Nina J. Easton's "Insult and Injury" (Oct. 2) was a thorough and insightful look at a difficult and troubling issue. As a parent deeply involved in a sexual harassment issue at my daughter's school, I came up against the conflict between punishment and education. The school's nasty and harsh punishment of one student and the total educational neglect of all involved made a bad situation worse. Perpetrators of sexual harassment must be held responsible, but they also must be educated if we are to have any hopes for long-term change in the way men and women treat each other.

My daughter's questions early in the course of the problem were: "Why are you calling this sexual harassment? Isn't it just mean?" Young people need to know when normal, harmless teasing crosses the line into sexual harassment.

Susan Sullivan

Topanga Canyon


I was in the seventh grade in the early '70s, living in a white-bread community much like Petaluma, when a rumor that I was pregnant circulated. The heckling was brutal and constant. One time, while I sat on a bench at lunchtime, about 40 kids gathered around me, jeering, shouting, laughing and throwing french fries that caught in my hair.

The dean of boys thought a fight was in progress and pushed through the crowd. I recall his blank, puzzled expression when he found at the center of the melee a lone, pimply, frightened 11-year-old girl.

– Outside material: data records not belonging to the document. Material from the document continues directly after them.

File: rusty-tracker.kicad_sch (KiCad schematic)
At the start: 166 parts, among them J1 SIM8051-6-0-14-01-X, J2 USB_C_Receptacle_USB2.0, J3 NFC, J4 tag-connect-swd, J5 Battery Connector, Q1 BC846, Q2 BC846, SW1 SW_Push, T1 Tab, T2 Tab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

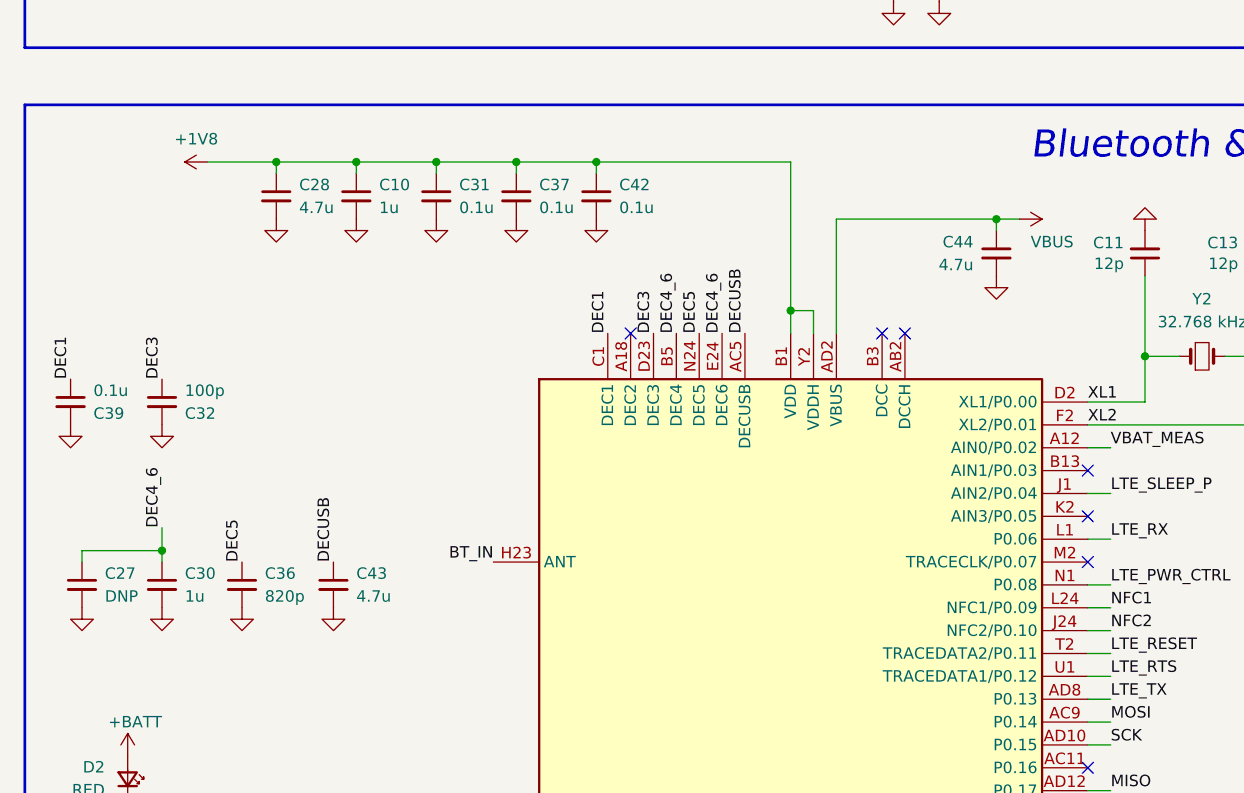
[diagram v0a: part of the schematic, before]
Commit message: Add support for VBAT -> VDDH, and DCDC for the nRF52840
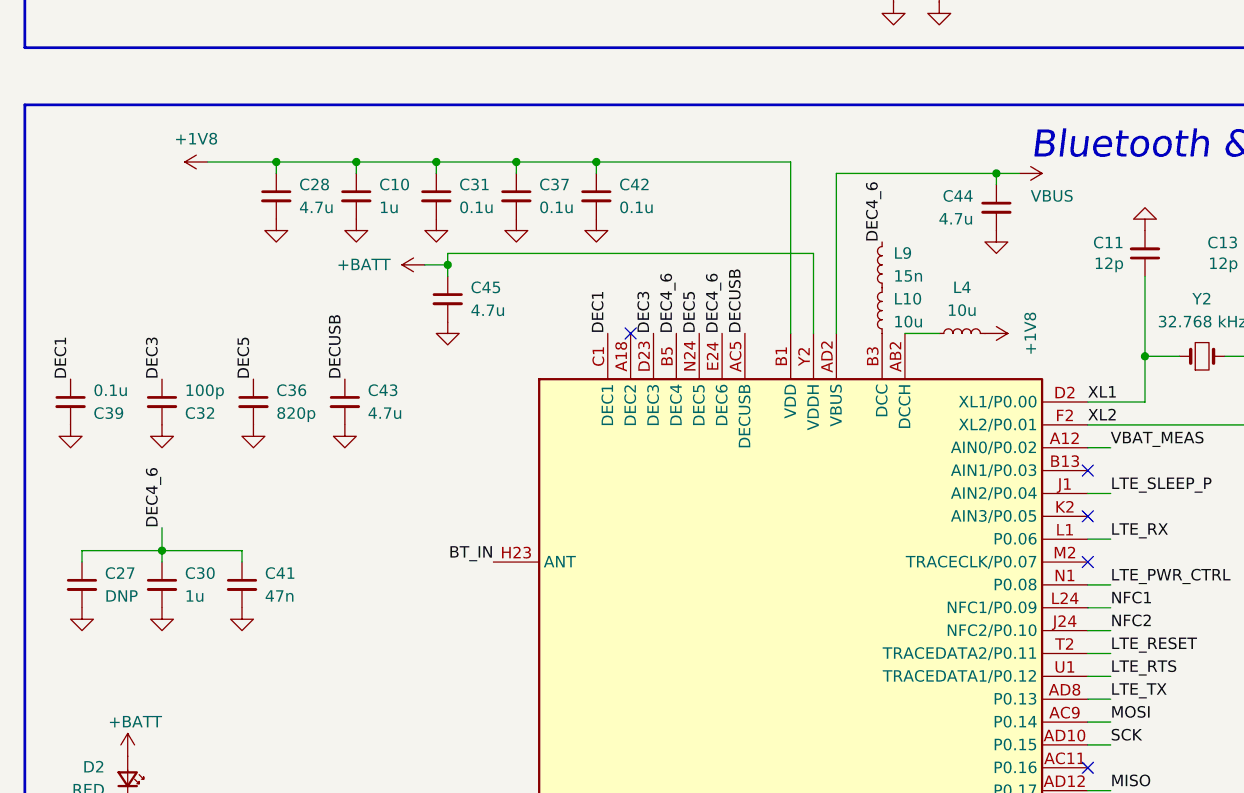
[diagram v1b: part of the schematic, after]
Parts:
- added C41: 47n, passive:C_0402, symbol Device:C_Small
- added C45: 4.7u, passive:C_0402, symbol Device:C_Small
- added L10, L4: 10u, passive:R_0603, symbol Device:L_Small
- added L9: 15n, passive:R_0402, symbol Device:L_Small
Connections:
- net +1V8: now also L4.1; no longer U2.Y2 (VDDH)
- net +BATT: now also U2.Y2 (VDDH), C45.1
- net DEC4_6: now also C41.1, L9.1
- net GND: now also C41.2, C45.2
- net at U2.AB2 (DCCH): now also L4.2
- net at U2.B3 (DCC): now also L10.2
- new net: L10.1, L9.2
- no-connect marks 60 -> 58
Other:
- moved on the sheet: C36, C43, C44

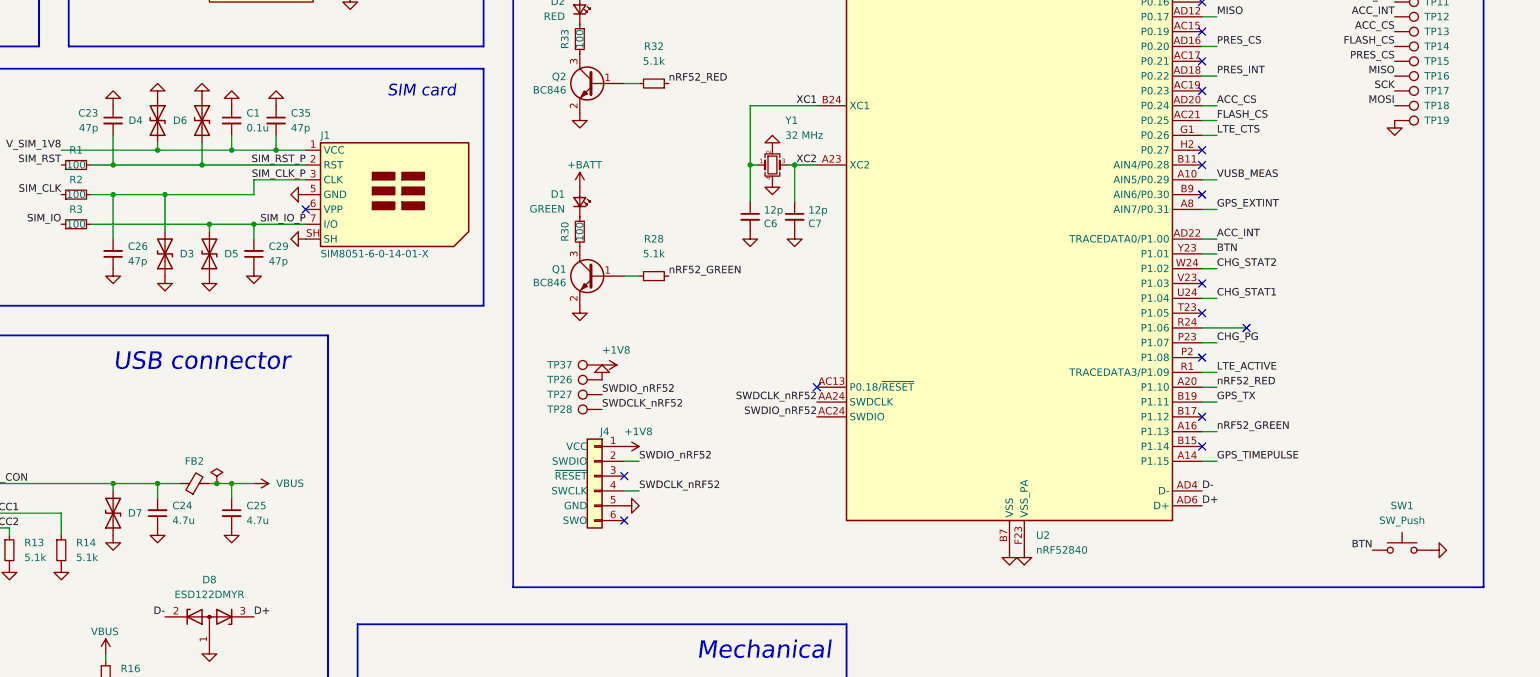
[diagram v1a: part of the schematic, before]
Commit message: Add protection & debounce to button
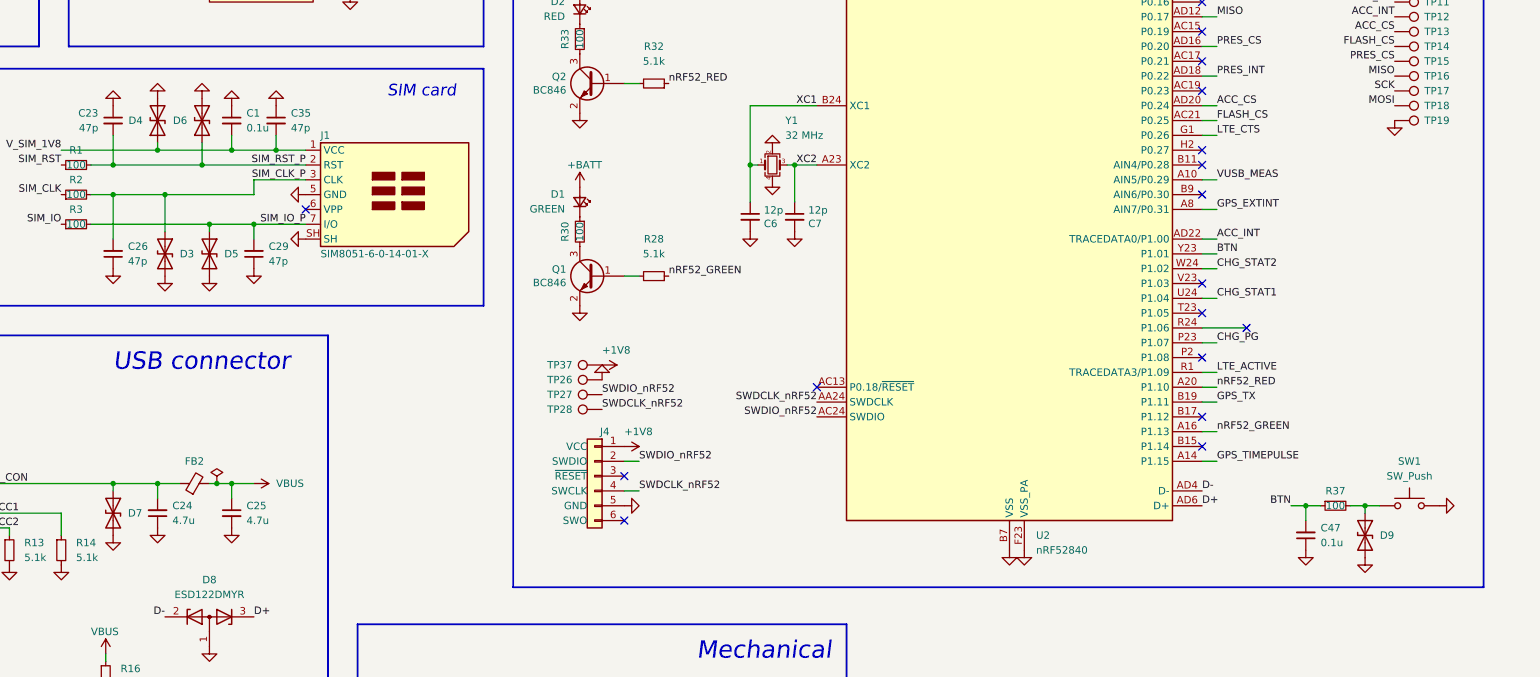
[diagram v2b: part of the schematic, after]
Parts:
- added C47: 0.1u, passive:C_0402, symbol Device:C_Small
- added D9: D_TVS, passive:D_0402_DFN1006, symbol Device:D_TVS
- added R37: 100, passive:R_0402, symbol Device:R_Small
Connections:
- net BTN: now also C47.2, R37.1; no longer SW1.1
- net GND: now also D3.2 (A2), D4.2 (A2), D5.2 (A2), D6.2 (A2), D7.2 (A2), C47.1, D9.2 (A2); no longer D3.1 (A1), D4.1 (A1), D5.1 (A1), D6.1 (A1), D7.1 (A1)
- net SIM_CLK_P: now also D3.1 (A1); no longer D3.2 (A2)
- net SIM_IO_P: now also D5.1 (A1); no longer D5.2 (A2)
- net SIM_RST_P: now also D6.1 (A1); no longer D6.2 (A2)
- net VBUS_CON: now also D7.1 (A1); no longer D7.2 (A2)
- net V_SIM_1V8: now also D4.1 (A1); no longer D4.2 (A2)
- new net: D9.1 (A1), R37.2, SW1.1
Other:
- moved on the sheet: D3, D4, D5, D6, D7, SW1

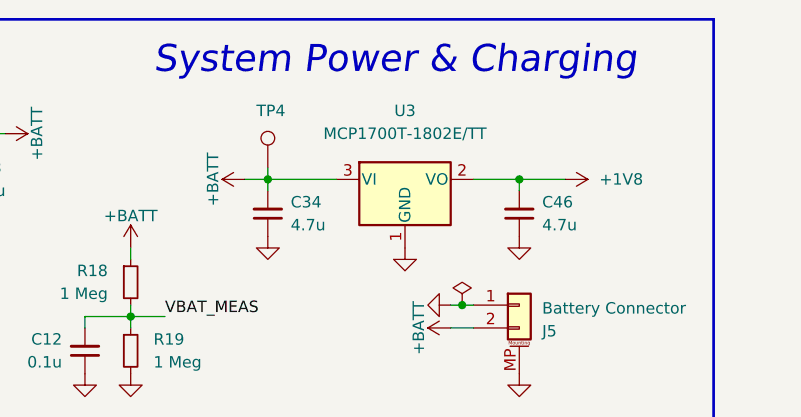
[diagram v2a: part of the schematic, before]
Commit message: Make LDO DNP
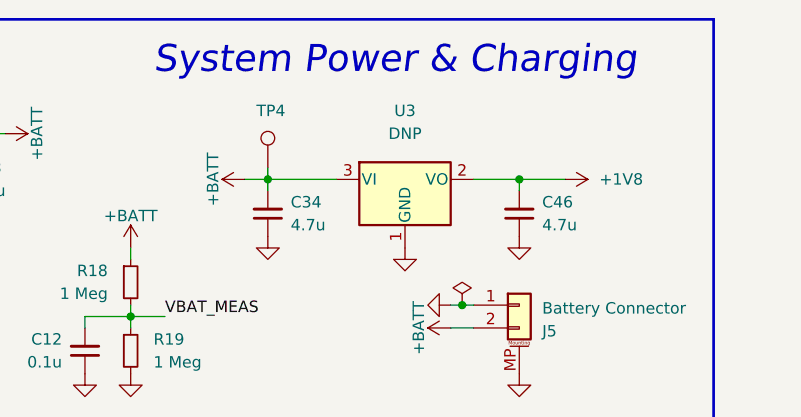
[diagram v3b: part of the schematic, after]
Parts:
- U3: value MCP1700T-1802E/TT -> DNP; MFPN (none) -> MCP1700T-1802E/TT
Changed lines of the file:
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@@
     (in_bom yes) (on_board yes) (fields_autoplaced)
     (property "Reference" "U3" (id 0) (at 367.03 25.4 0))
-    (property "Value" "MCP1700T-1802E/TT" (id 1) (at 367.03 27.94 0))
+    (property "Value" "DNP" (id 1) (at 367.03 27.94 0))
     (property "Footprint" "Package_TO_SOT_SMD:SOT-23" (id 2) (at 367.03 27.305 0)
       (effects (font (size 1.27 1.27)) hide)
@@
       (effects (font (size 1.27 1.27)) hide)
     )
+    (property "MFPN" "MCP1700T-1802E/TT" (id 4) (at 367.03 33.02 0)
+      (effects (font (size 1.27 1.27)) hide)
+    )
     (pin "1")
     (pin "2")
@@
     )
     (path "/3a834b9f-6950-4124-8f0a-7e667c6838b4"
-      (reference "U3") (unit 1) (value "MCP1700T-1802E/TT") (footprint "Package_TO_SOT_SMD:SOT-23")
+      (reference "U3") (unit 1) (value "DNP") (footprint "Package_TO_SOT_SMD:SOT-23")
     )
     (path "/d437bf96-ac28-4f1d-9f7b-def64e871b88"

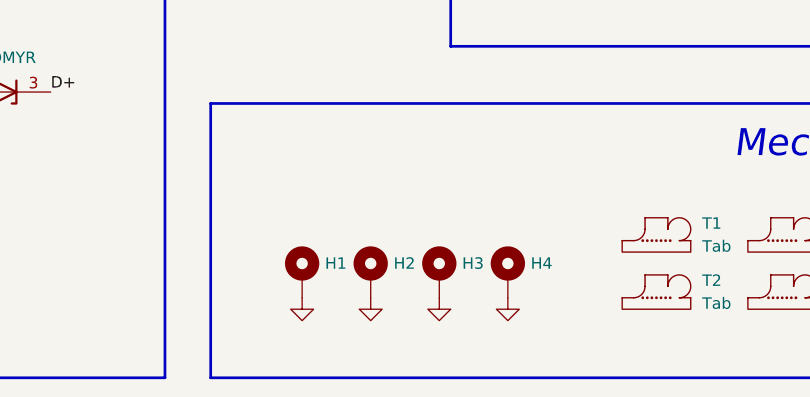
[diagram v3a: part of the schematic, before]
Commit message: Remove GND connection in screws
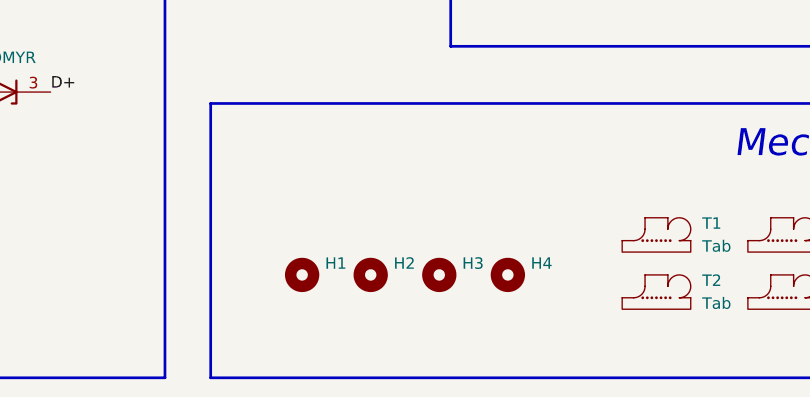
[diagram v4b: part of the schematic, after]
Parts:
- H1, H2, H3, H4: footprint MountingHole:MountingHole_2.2mm_M2_Pad_Via -> MountingHole:MountingHole_2.2mm_M2; symbol Mechanical:MountingHole_Pad -> Mechanical:MountingHole
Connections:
- net GND: no longer H1.1, H2.1, H3.1, H4.1
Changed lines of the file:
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@@
     (pin "1")
   )
-  (symbol (lib_id "Mechanical:MountingHole_Pad") (at 218.44 265.43 0) (unit 1)
+  (symbol (lib_id "Mechanical:MountingHole") (at 218.44 265.43 0) (unit 1)
     (in_bom yes) (on_board yes) (fields_autoplaced)
     (property "Reference" "H1" (id 0) (at 220.98 264.1599 0)
@@
       (effects (font (size 1.27 1.27)) (justify left) hide)
     )
-    (property "Footprint" "MountingHole:MountingHole_2.2mm_M2_Pad_Via" (id 2) (at 218.44 265.43 0)
+    (property "Footprint" "MountingHole:MountingHole_2.2mm_M2" (id 2) (at 218.44 265.43 0)
       (effects (font (size 1.27 1.27)) hide)
     )
@@
       (effects (font (size 1.27 1.27)) hide)
     )
-    (pin "1")
   )
   (symbol (lib_id "power:GND") (at 128.27 173.99 0) (unit 1)
@@
     (pin "2")
   )
-  (symbol (lib_id "power:GND") (at 218.44 267.97 0) (unit 1)
-    (in_bom yes) (on_board yes) (fields_autoplaced)
-    (property "Reference" "#PWR014" (id 0) (at 218.44 274.32 0)
-      (effects (font (size 1.27 1.27)) hide)
-    )
-    (property "Value" "GND" (id 1) (at 218.4399 271.78 90)
-      (effects (font (size 1.27 1.27)) (justify right) hide)
-    )
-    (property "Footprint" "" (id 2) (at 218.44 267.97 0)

After finding lunch sanctuary in the school library, I started my long descent into depression, and no one intervened. My effortless high grades dropped, I refused to participate in class, I gained substantial weight and wore the same clothes day after day in an attempt to become invisible. I was already a bookworm and a loner, and this situation forced me to turn inward, to become my own person and stay solid, no matter what happened in the outside world. I got a good look at an ugly but undeniable fact of human nature, and it made me strong. It made me who I am.

That's life. File it away and move on.

Name Withheld

Los Angeles


No, no--Easton has it all wrong when she writes that what school districts need at this time is "widespread teacher training and a curriculum designed to teach children how to treat one another with respect." What we need are parents who teach their children the parameters of acceptable behavior in all aspects of daily life.

Nor is it that teachers "need to educate those children, and they're not doing it." The parents of those children should have trained them from day one.

Teachers should be trained to teach academics while the students' home training is being reinforced. We must stop expecting teachers to be surrogate parents.

Helen M. Kvitky

Laguna Hills


Just what kind of wimps are we raising in this country?

As a heavy kid who spent 12 years in the New York City public schools, I was tormented daily in ways that Jane Doe probably cannot comprehend. Most of it was at the hands of some very aggressive pupils, badgering me for my lunch money, or just for the hell of it. They were hassling me simply because I I was an easy, too-sensitive target.

I remember getting laughed at because I referred to a "pussycat" once during story time, not understanding the sexual implications, and how one of the girls in the back of the room hiked up her skirt in order to to underline the allusion.

My reaction to these incidents and others like them was not to cry, whine to the authorities or complain to my mother. Instead, I reached the conclusions that (1) most people are idiots, (2) multiculturalism is a license that allows certain individuals to do as they wish with no fear of reprisal from cowed authorities and (3) naivete is for the birds.

In other words, I grew up. Peer pressure became irrelevant, so drug use and sexual promiscuity passed me by. As for Jane Doe and her so-called abuse, I've got three words of advice: Deal with it.